What gets rid of them? We do not have standing water anywhere, if that matters?


----------



## TN Hawkeye

bwright said:


> As the spring starts to warm up, we start getting what I have always called gnats. Tiny little bugs flying in a cloud. If you run in to them, they follow you around flying in your eyes, nose etc. a royal pain.
> 
> What gets rid of them? We do not have standing water anywhere, if that matters?


Man that is so funny you said that. I was coming on here tonight to ask about gnats. We have them all over the place. I'm not sure what to do about them. Hopefully one of the "much smarter than me" people will respond.


----------



## BadDad

I use talstar p to get rid of them for several weeks. I used to use big box store hose end sprayer stuff but it don't last long. I now use talstar p in my batter back pack sprayer whenever I'm spraying some fertilizer or weed spray. Just don't spray anything that flowers or your trees if you don't want to kill bees. My lawn gets it and bees are all over my flowers and trees.


----------



## Dico112lr4

BadDad said:


> I use talstar p to get rid of them for several weeks. I used to use big box store hose end sprayer stuff but it don't last long. I now use talstar p in my batter back pack sprayer whenever I'm spraying some fertilizer or weed spray. Just don't spray anything that flowers or your trees if you don't want to kill bees. My lawn gets it and bees are all over my flowers and trees.

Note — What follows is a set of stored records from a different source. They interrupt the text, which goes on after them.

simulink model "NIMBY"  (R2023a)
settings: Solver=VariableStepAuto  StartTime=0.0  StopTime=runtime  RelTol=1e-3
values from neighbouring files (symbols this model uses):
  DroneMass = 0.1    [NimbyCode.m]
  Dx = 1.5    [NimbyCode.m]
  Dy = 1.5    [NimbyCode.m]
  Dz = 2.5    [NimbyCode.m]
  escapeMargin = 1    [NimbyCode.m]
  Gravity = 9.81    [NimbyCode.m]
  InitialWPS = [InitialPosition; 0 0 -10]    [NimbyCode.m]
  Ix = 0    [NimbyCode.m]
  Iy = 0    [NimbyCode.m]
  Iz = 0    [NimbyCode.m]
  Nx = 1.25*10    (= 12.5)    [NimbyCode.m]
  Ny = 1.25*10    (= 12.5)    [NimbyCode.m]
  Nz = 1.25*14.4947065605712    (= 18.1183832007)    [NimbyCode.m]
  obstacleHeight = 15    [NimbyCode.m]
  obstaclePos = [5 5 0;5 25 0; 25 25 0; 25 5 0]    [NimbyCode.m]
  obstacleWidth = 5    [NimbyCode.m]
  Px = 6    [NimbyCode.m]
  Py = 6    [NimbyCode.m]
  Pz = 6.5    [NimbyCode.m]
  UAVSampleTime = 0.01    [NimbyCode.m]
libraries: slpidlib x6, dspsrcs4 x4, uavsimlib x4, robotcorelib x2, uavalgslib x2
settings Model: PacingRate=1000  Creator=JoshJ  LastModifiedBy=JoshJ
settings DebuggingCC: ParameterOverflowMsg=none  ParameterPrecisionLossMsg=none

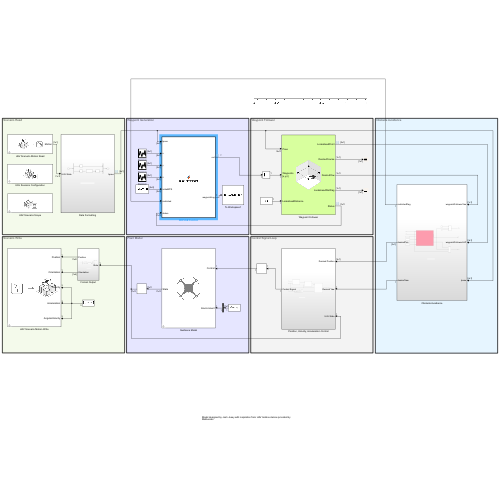
[thumbnail: Simulink's stored preview of the top-level diagram]
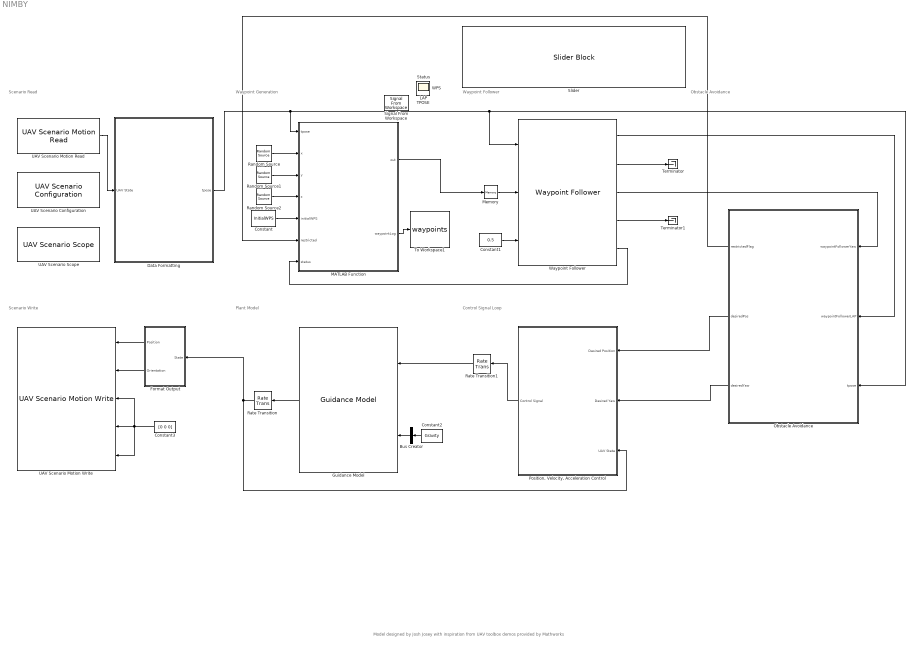
== system NIMBY ==
  note: Model designed by Josh Josey with inspiration from UAV toolbox demos provided by Mathworks
  note: Obstacle Avoidance
  note: Control Signal Loop
  note: Waypoint Follower
  note: Scenario Read
  note: Plant Model
  note: Scenario Write
  note: Waypoint Generation
  Bus Creator : BusCreator  Inputs=1  OutDataTypeStr=Bus: uavGuidanceEnvironmentBus  NonVirtualBus=on
      settings: InheritFromInputs=off
  Constant : Constant  Value=InitialWPS
  Constant1 : Constant  Value=0.5
  Constant2 : Constant  Value=Gravity  OutDataTypeStr=double
  Constant3 : Constant  Value=[0 0 0]
  Data Formatting : Subsystem
  Format Output : Subsystem
  Guidance Model : uavalgslib/Guidance Model  ModelType=MultirotorGuidance  SpecifiedDataType=double  SimulateUsing=Code generation  InitialWorldPositionMultirotor=InitialPosition'  InitialWorldVelocityMultirotor=[0; 0; 0]  InitialEulerZYXMultirotor=[0; 0; 0]  InitialBodyAngularRateRPYMultirotor=[0; 0; 0]  InitialThrustMultirotor=0  InitialNorthFixedWing=0  InitialEastFixedWing=0  InitialHeightFixedWing=0  InitialAirSpeedFixedWing=0  InitialHeadingAngleFixedWing=0  InitialFlightPathAngleFixedWing=0  InitialRollAngleFixedWing=0  InitialRollAngleRateFixedWing=0  PDRollMultirotor=[3402.97,116.67]  PDPitchMultirotor=[3402.97, 116.67]  PYawRateMultirotor=1950  PThrustMultirotor=3900  MassMultirotor=0.1  PHeightFixedWing=3.9  PHeadingAngleFixedWing=3.9  PFlightPathAngleFixedWing=39  PDRollFixedWing=[3402.97, 116.67]  PAirSpeedFixedWing=1  FlightPathAngleLimitsFixedWing=[-pi/2, pi/2]  StateBusName='uavGuidanceStateBus'  ControlBusName='uavGuidanceControlBus'  EnvironmentBusName='uavGuidanceEnvironmentBus'  DataType=double
  MATLAB Function : MATLAB Function  TreatAsAtomicUnit=on  SystemSampleTime=UAVSampleTime
  Memory : Memory
  Obstacle Avoidance : Subsystem
  "Position, Velocity, Acceleration Control" : Subsystem
  Random Source : dspsrcs4/Random Source  SrcType=Uniform  NormMethod=Ziggurat  CltLength=12  MinVal=0  MaxVal=30  MeanVal=0  VarVal=1  RepMode=Not repeatable  rawSeed=1  IsInherit=off  SampMode=Discrete  SampTime=UAVSampleTime  SampFrame=2  DataType=Double  OutComplex=Real  OutputFrames=off
  Random Source1 : dspsrcs4/Random Source  SrcType=Uniform  NormMethod=Ziggurat  CltLength=12  MinVal=0  MaxVal=30  MeanVal=0  VarVal=1  RepMode=Not repeatable  rawSeed=1  IsInherit=off  SampMode=Discrete  SampTime=UAVSampleTime  SampFrame=2  DataType=Double  OutComplex=Real  OutputFrames=off
  Random Source2 : dspsrcs4/Random Source  SrcType=Uniform  NormMethod=Ziggurat  CltLength=12  MinVal=5  MaxVal=20  MeanVal=0  VarVal=1  RepMode=Not repeatable  rawSeed=1  IsInherit=off  SampMode=Discrete  SampTime=UAVSampleTime  SampFrame=2  DataType=Double  OutComplex=Real  OutputFrames=off
  Rate Transition : RateTransition  OutPortSampleTime=UAVSampleTime
  Rate Transition1 : RateTransition  OutPortSampleTime=UAVSampleTime
  Slider : SliderBlock  LabelPosition=Hide  ScaleMax=1  TickInterval=.2
  Terminator : Terminator
  Terminator1 : Terminator
  To Workspace1 : ToWorkspace  VariableName=waypoints  SampleTime=-1
  UAV Scenario Configuration : uavsimlib/UAV Scenario Configuration  Priority=-1  UAVScenarioObject=Scenario  SampleTime=0.1  UpdateParam=false  SensorMotionBusName='SensorMotionBus'  PlatformMotionBusName='PlatformMotionBus'  ScenarioMotionBusName='ScenarioMotionBus'  ScenarioMotionSignalName='ScenarioMotions'
  UAV Scenario Motion Read : uavsimlib/UAV Scenario Motion Read  Priority=1  EntityName='UAV'  ReferenceFrame=NED
  UAV Scenario Motion Write : uavsimlib/UAV Scenario Motion Write  Priority=0  PlatName='UAV'  ReferenceFrame=NED
  UAV Scenario Scope : uavsimlib/UAV Scenario Scope  Priority=1  SensorNameTable={}  SampleTime=0.1
  Waypoint Follower : uavalgslib/Waypoint Follower  UAVType=multirotor  StartFrom=first  TransitionRadiusSource=internal  TransitionRadius=.1  MinLookaheadDistance=.2  YawInput=off  ShowCrossTrackErrorOutput=off  ShowStatusOutput=on  SimulateUsing=Code generation
  LAP : Scope
  Signal From Workspace : dspsrcs4/Signal From Workspace  IOType=siggen  X=1:10  Ts=1  nsamps=1  OutputAfterFinalValue=Setting to zero  ignoreOrWarnInputAndFrameLengths=off  OutputFrames=on
      settings: LibrarySourceBlock=|
      | dspgenerators/Signal From
      | Workspace
  Status : Scope
  TPOSE : Scope
  WPS : Scope
  wires:
  UAV Scenario Motion Read/1 -> Data Formatting/1(UAV State)
  Data Formatting/1(tpose) -> MATLAB Function/1(tpose), Obstacle Avoidance/3(tpose), Waypoint Follower/1
  Constant1/1 -> Waypoint Follower/3
  Waypoint Follower/2 -> Terminator/1
  Waypoint Follower/4 -> Terminator1/1
  Guidance Model/1 -> Rate Transition/1
  Rate Transition/1 -> Format Output/1(State), "Position, Velocity, Acceleration Control"/3(UAV State)
  Bus Creator/1 -> Guidance Model/2
  Constant2/1 -> Bus Creator/1
  Rate Transition1/1 -> Guidance Model/1
  Constant3/1 -> UAV Scenario Motion Write/5, UAV Scenario Motion Write/3, UAV Scenario Motion Write/4
  Format Output/2(Orientation) -> UAV Scenario Motion Write/2
  Format Output/1(Position) -> UAV Scenario Motion Write/1
  Waypoint Follower/5 -> MATLAB Function/7(status)
  Memory/1 -> Waypoint Follower/2
  MATLAB Function/1(out) -> Memory/1
  "Position, Velocity, Acceleration Control"/1(Control Signal) -> Rate Transition1/1
  Waypoint Follower/1 -> Obstacle Avoidance/2(waypointFollowerLAP)
  Waypoint Follower/3 -> Obstacle Avoidance/1(waypointFollowerYaw)
  Obstacle Avoidance/1(restrictedFlag) -> MATLAB Function/6(restricted)
  Obstacle Avoidance/2(desiredPos) -> "Position, Velocity, Acceleration Control"/1(Desired Position)
  Obstacle Avoidance/3(desiredYaw) -> "Position, Velocity, Acceleration Control"/2(Desired Yaw)
  MATLAB Function/2(waypointLog) -> To Workspace1/1
  Constant/1 -> MATLAB Function/5(initialWPS)
  Random Source2/1 -> MATLAB Function/4(z)
  Random Source1/1 -> MATLAB Function/3(y)
  Random Source/1 -> MATLAB Function/2(x)

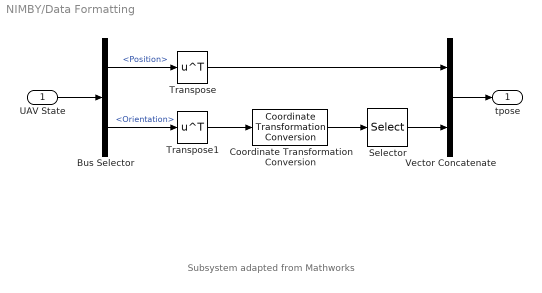
== system NIMBY/Data Formatting ==
  note: Subsystem adapted from Mathworks
  UAV State : Inport
  Bus Selector : BusSelector  OutputSignals=Position,Orientation
  Coordinate Transformation Conversion : robotcorelib/Coordinate Transformation Conversion  InputRepresentation=Quaternion  InputEulerSequence=ZYX  ShowTrVecInputPort=on  OutputRepresentation=Euler Angles  OutputEulerSequence=ZYX  ShowTrVecOutputPort=on  SimulateUsing=Interpreted execution
      settings: LibrarySourceBlock=navlib/Utilities/Coordinate Transformation Conversion
  Selector : Selector  InputPortWidth=3  IndexOptions=Index vector (dialog)  Indices=[1]  OutputSizes=1
  Transpose : Math  Operator=transpose
  Transpose1 : Math  Operator=transpose
  Vector Concatenate : Concatenate
  tpose : Outport
  wires:
  UAV State/1 -> Bus Selector/1
  Transpose1/1 -> Coordinate Transformation Conversion/1
  Bus Selector/1 -> Transpose/1  "<Position>"
  Bus Selector/2 -> Transpose1/1  "<Orientation>"
  Vector Concatenate/1 -> tpose/1
  Transpose/1 -> Vector Concatenate/1
  Coordinate Transformation Conversion/1 -> Selector/1
  Selector/1 -> Vector Concatenate/2

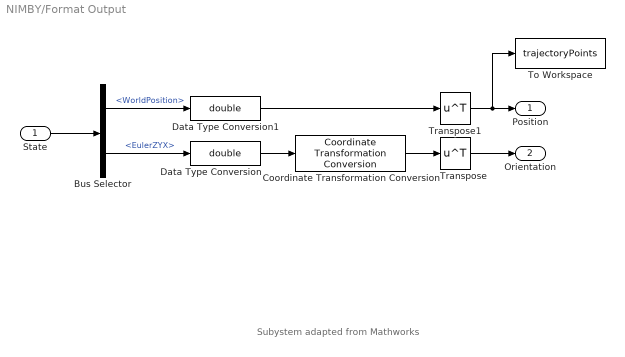
== system NIMBY/Format Output ==
  note: Subystem adapted from Mathworks
  State : Inport
  Bus Selector : BusSelector  OutputSignals=WorldPosition,EulerZYX
  Coordinate Transformation Conversion : robotcorelib/Coordinate Transformation Conversion  InputRepresentation=Euler Angles  InputEulerSequence=ZYX  ShowTrVecInputPort=on  OutputRepresentation=Quaternion  OutputEulerSequence=ZYX  ShowTrVecOutputPort=on  SimulateUsing=Code generation
      settings: LibrarySourceBlock=navlib/Utilities/Coordinate Transformation Conversion
  Data Type Conversion : DataTypeConversion  OutDataTypeStr=double  SaturateOnIntegerOverflow=off  RndMeth=Floor
  Data Type Conversion1 : DataTypeConversion  OutDataTypeStr=double  SaturateOnIntegerOverflow=off  RndMeth=Floor
  To Workspace : ToWorkspace  VariableName=trajectoryPoints  SampleTime=-1
  Transpose : Math  Operator=transpose
  Transpose1 : Math  Operator=transpose
  Position : Outport
  Orientation : Outport  Port=2
  wires:
  State/1 -> Bus Selector/1
  Bus Selector/1 -> Data Type Conversion1/1  "<WorldPosition>"
  Bus Selector/2 -> Data Type Conversion/1  "<EulerZYX>"
  Data Type Conversion/1 -> Coordinate Transformation Conversion/1
  Transpose/1 -> Orientation/1
  Coordinate Transformation Conversion/1 -> Transpose/1
  Data Type Conversion1/1 -> Transpose1/1
  Transpose1/1 -> To Workspace/1, Position/1

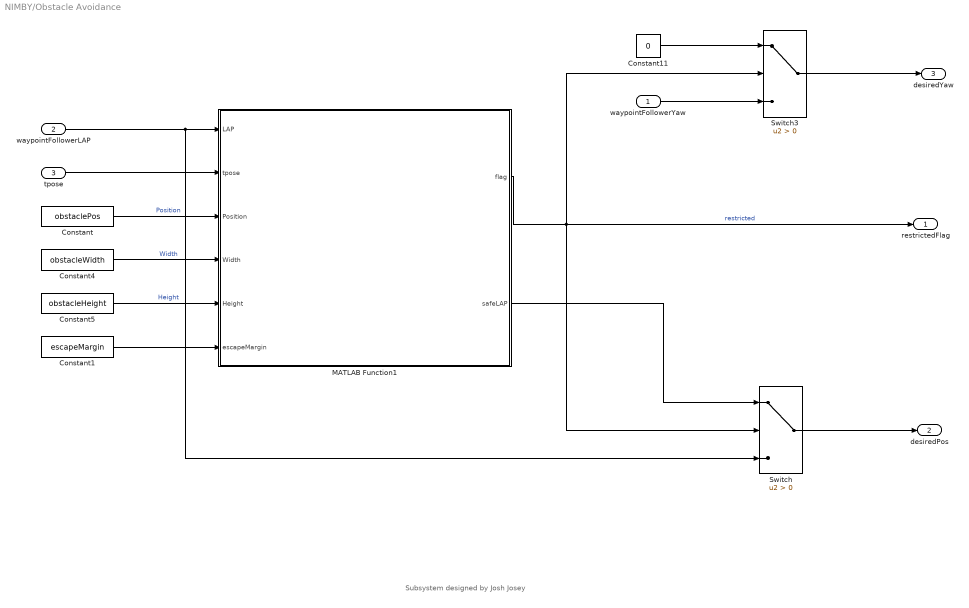
== system NIMBY/Obstacle Avoidance ==
  note: Subsystem designed by Josh Josey
  waypointFollowerYaw : Inport
  waypointFollowerLAP : Inport  Port=2
  tpose : Inport  Port=3
  Constant : Constant  Value=obstaclePos
  Constant1 : Constant  Value=escapeMargin
  Constant11 : Constant  Value=0
  Constant4 : Constant  Value=obstacleWidth
  Constant5 : Constant  Value=obstacleHeight
  MATLAB Function1 : MATLAB Function  TreatAsAtomicUnit=on
  Switch : Switch  Criteria=u2 > Threshold  SaturateOnIntegerOverflow=off  InputSameDT=off
  Switch3 : Switch  Criteria=u2 > Threshold  SaturateOnIntegerOverflow=off  InputSameDT=off
  restrictedFlag : Outport
  desiredPos : Outport  Port=2
  desiredYaw : Outport  Port=3
  wires:
  tpose/1 -> MATLAB Function1/2(tpose)
  Constant4/1 -> MATLAB Function1/4(Width)  "Width"
  Constant11/1 -> Switch3/1
  MATLAB Function1/1(flag) -> Switch3/2, Switch/2, restrictedFlag/1  "restricted"
  Constant5/1 -> MATLAB Function1/5(Height)  "Height"
  Constant/1 -> MATLAB Function1/3(Position)  "Position"
  Switch3/1 -> desiredYaw/1
  waypointFollowerLAP/1 -> Switch/3, MATLAB Function1/1(LAP)
  Switch/1 -> desiredPos/1
  waypointFollowerYaw/1 -> Switch3/3
  MATLAB Function1/2(safeLAP) -> Switch/1
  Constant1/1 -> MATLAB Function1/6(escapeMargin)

Second this. I put it down every 4 weeks.


----------



## sanders4617

I had no clue that Talstar would kill gnats as well. Good to know as 1 extra benefit to spraying Talstar.


----------



## TN Hawkeye

BadDad said:


> I use talstar p to get rid of them for several weeks. I used to use big box store hose end sprayer stuff but it don't last long. I now use talstar p in my batter back pack sprayer whenever I'm spraying some fertilizer or weed spray. Just don't spray anything that flowers or your trees if you don't want to kill bees. My lawn gets it and bees are all over my flowers and trees.


Would BIfen I/T work about the same? I think it's the generic for Talstar.


----------



## RDZed

This doesnt catch wasps for s---, but damn does it catch gnats....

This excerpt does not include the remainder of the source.